Task description: In the records below, find the line with "extrude(amount=-BOSS_EXTRUDE2_DEPTH)" and the line with "# Sketch5 → Cut-Extrude2 (cut)". Print both exactly, along with every line between them, and no other line.

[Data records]
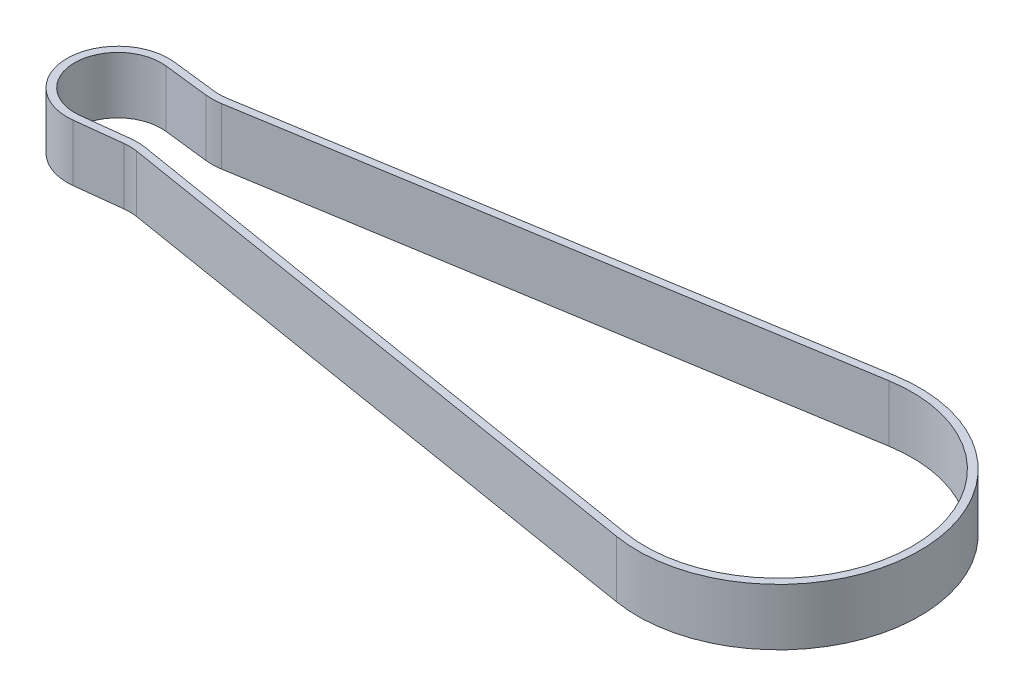
from build123d import *

# Parameters (mm, degrees)
LINEAR_AUSTRAGEN_D_NN1_DEPTH      = 3
LINEAR_AUSTRAGEN_D_NN1_DEPTH_BACK = 3


with BuildPart() as part:
    # Skizze1 → Linear-Austragen-Dünn1 (new body, two sides)
    with BuildSketch(Plane(origin=(0, 0, 0), x_dir=(1, 0, 0), z_dir=(0, 1, 0))) as linear_austragen_d_nn1_sk:
        with BuildLine():
            Line((5.425321809, 4.783135297), (0.617779056, 5.339379556))
            ThreePointArc((0.617779056, 5.339379556), (-5.375, 0), (0.617779056, -5.339379556))
            Line((0.617779056, -5.339379556), (5.425321809, -4.783135297))
            ThreePointArc((5.425321809, -4.783135297), (6.11685444, -4.751365683), (6.806147081, -4.815415227))
            Line((6.806147081, -4.815415227), (67.493650964, -14.729735548))
            ThreePointArc((67.493650964, -14.729735548), (84.825, 0), (67.493650964, 14.729735548))
            Line((67.493650964, 14.729735548), (6.806147081, 4.815415227))
            ThreePointArc((6.806147081, 4.815415227), (6.11685444, 4.751365683), (5.425321809, 4.783135297))
        make_face()
        with BuildLine():
            Line((5.333373298, 3.988436945), (0.525830545, 4.544681203))
            ThreePointArc((0.525830545, 4.544681203), (-4.575, 0), (0.525830545, -4.544681203))
            Line((0.525830545, -4.544681203), (5.333373298, -3.988436945))
            ThreePointArc((5.333373298, -3.988436945), (6.135551151, -3.951584192), (6.935130614, -4.025881663))
            Line((6.935130614, -4.025881663), (67.622634497, -13.940201984))
            ThreePointArc((67.622634497, -13.940201984), (84.025, 0), (67.622634497, 13.940201984))
            Line((67.622634497, 13.940201984), (6.935130614, 4.025881663))
            ThreePointArc((6.935130614, 4.025881663), (6.135551151, 3.951584192), (5.333373298, 3.988436945))
        make_face(mode=Mode.SUBTRACT)
    extrude(amount=LINEAR_AUSTRAGEN_D_NN1_DEPTH)
    extrude(linear_austragen_d_nn1_sk.sketch, amount=-LINEAR_AUSTRAGEN_D_NN1_DEPTH_BACK)


solid = part.part
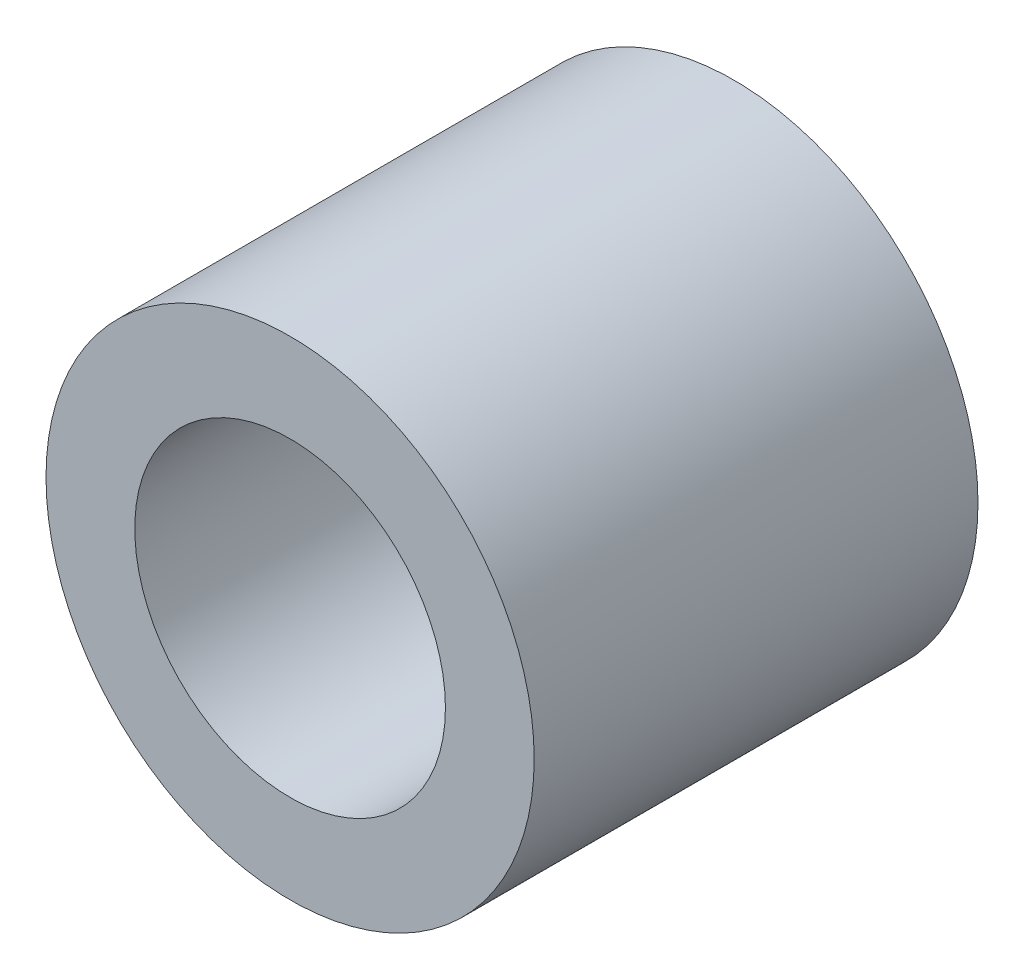
from build123d import *

# Parameters (mm, degrees)
SKETCH1_R           = 2.75
SKETCH1_R_2         = 1.75
BOSS_EXTRUDE1_DEPTH = 5


with BuildPart() as part:
    # Sketch1 → Boss-Extrude1 (new body)
    with BuildSketch(Plane.XY):
        Circle(SKETCH1_R)
        Circle(SKETCH1_R_2, mode=Mode.SUBTRACT)
    extrude(amount=BOSS_EXTRUDE1_DEPTH)


solid = part.part
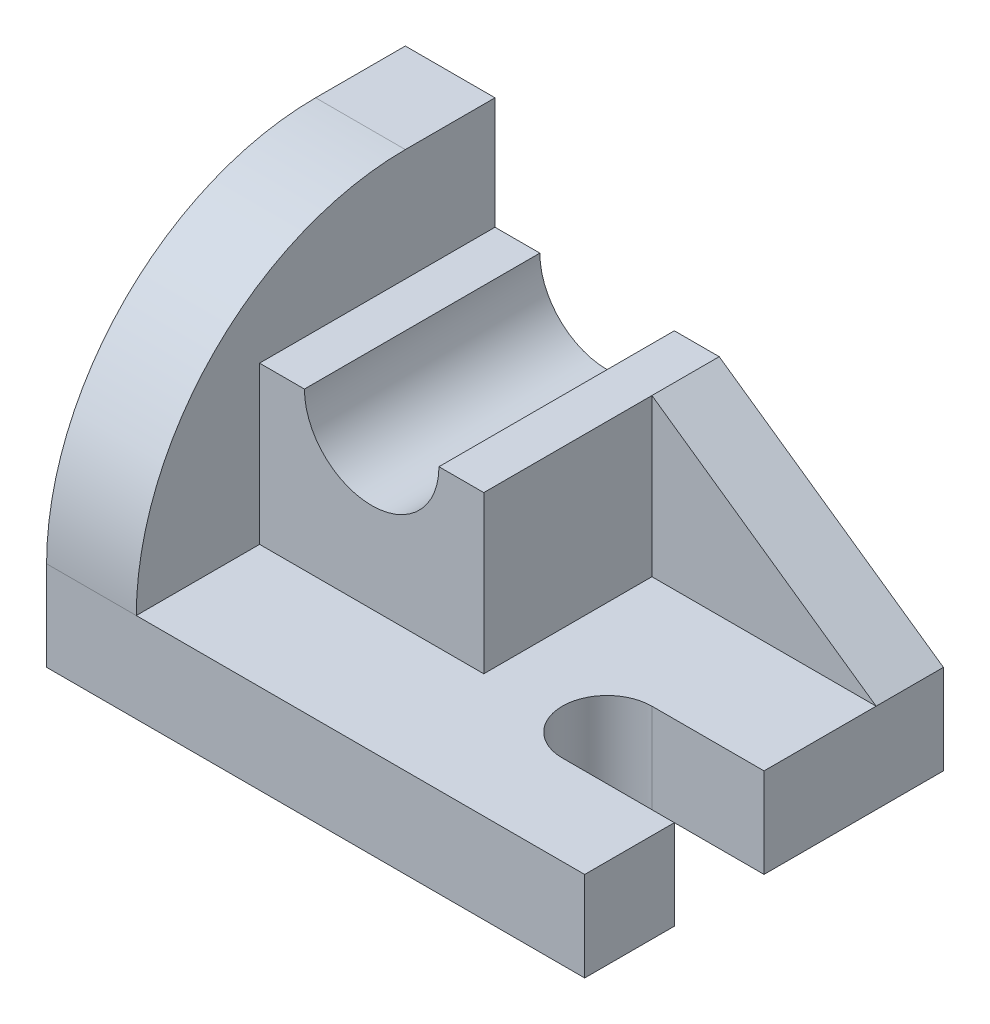
from build123d import *

# Parameters (mm, degrees)
SKETCH1_W           = 96
SKETCH1_H           = 64
BOSS_EXTRUDE1_DEPTH = 16
CUT_EXTRUDE1_DEPTH  = 16
BOSS_EXTRUDE2_DEPTH = 16
SKETCH4_W           = 40
SKETCH4_H           = 42
BOSS_EXTRUDE3_DEPTH = 28
CUT_EXTRUDE2_START  = -42
SKETCH5_R           = 12
CUT_EXTRUDE2_DEPTH  = 42
BOSS_EXTRUDE4_DEPTH = 12


with BuildPart() as part:
    # Sketch1 → Boss-Extrude1 (new body)
    with BuildSketch(Plane(origin=(0, 0, 0), x_dir=(1, 0, 0), z_dir=(0, 1, 0))):
        with Locations((48, 32)):
            Rectangle(SKETCH1_W, SKETCH1_H)
    extrude(amount=BOSS_EXTRUDE1_DEPTH)

    # Sketch2 → Cut-Extrude1 (cut)
    with BuildSketch(Plane(origin=(0, 16, 0), x_dir=(1, 0, 0), z_dir=(0, 1, 0))):
        with BuildLine():
            Line((96, 16), (76, 16))
            ThreePointArc((76, 16), (68, 24), (76, 32))
            Line((76, 32), (96, 32))
            ThreePointArc((96, 32), (104, 24), (96, 16))
        make_face()
    extrude(amount=-CUT_EXTRUDE1_DEPTH, mode=Mode.SUBTRACT)

    # Sketch3 → Boss-Extrude2 (add)
    with BuildSketch(Plane.ZY):
        with BuildLine():
            Line((-64, 0), (0, 0))
            Line((0, 0), (0, 16))
            ThreePointArc((0, 16), (-14.058874503, 49.941125497), (-48, 64))
            Line((-48, 64), (-64, 64))
            Line((-64, 64), (-64, 0))
        make_face()
    extrude(amount=-BOSS_EXTRUDE2_DEPTH)

    # Sketch4 → Boss-Extrude3 (add)
    with BuildSketch(Plane(origin=(0, 16, 0), x_dir=(1, 0, 0), z_dir=(0, 1, 0))):
        with Locations((36, 43)):
            Rectangle(SKETCH4_W, SKETCH4_H)
    extrude(amount=BOSS_EXTRUDE3_DEPTH)

    # Sketch5 → Cut-Extrude2 (cut)
    with BuildSketch(Plane.XY.offset(-22).offset(CUT_EXTRUDE2_START)):
        with Locations((36, 44)):
            Circle(SKETCH5_R)
    extrude(amount=CUT_EXTRUDE2_DEPTH, mode=Mode.SUBTRACT)

    # Sketch8 → Boss-Extrude4 (add)
    with BuildSketch(Plane(origin=(0, 0, -64), x_dir=(-1, 0, 0), z_dir=(0, 0, -1))):
        Polygon((-56, 44), (-96, 16), (-56, 16), align=None)
    extrude(amount=-BOSS_EXTRUDE4_DEPTH)


solid = part.part

Response area:
    extrude(amount=-BOSS_EXTRUDE2_DEPTH)

    # Sketch4 → Boss-Extrude3 (add)
    with BuildSketch(Plane(origin=(0, 16, 0), x_dir=(1, 0, 0), z_dir=(0, 1, 0))):
        with Locations((36, 43)):
            Rectangle(SKETCH4_W, SKETCH4_H)
    extrude(amount=BOSS_EXTRUDE3_DEPTH)

    # Sketch5 → Cut-Extrude2 (cut)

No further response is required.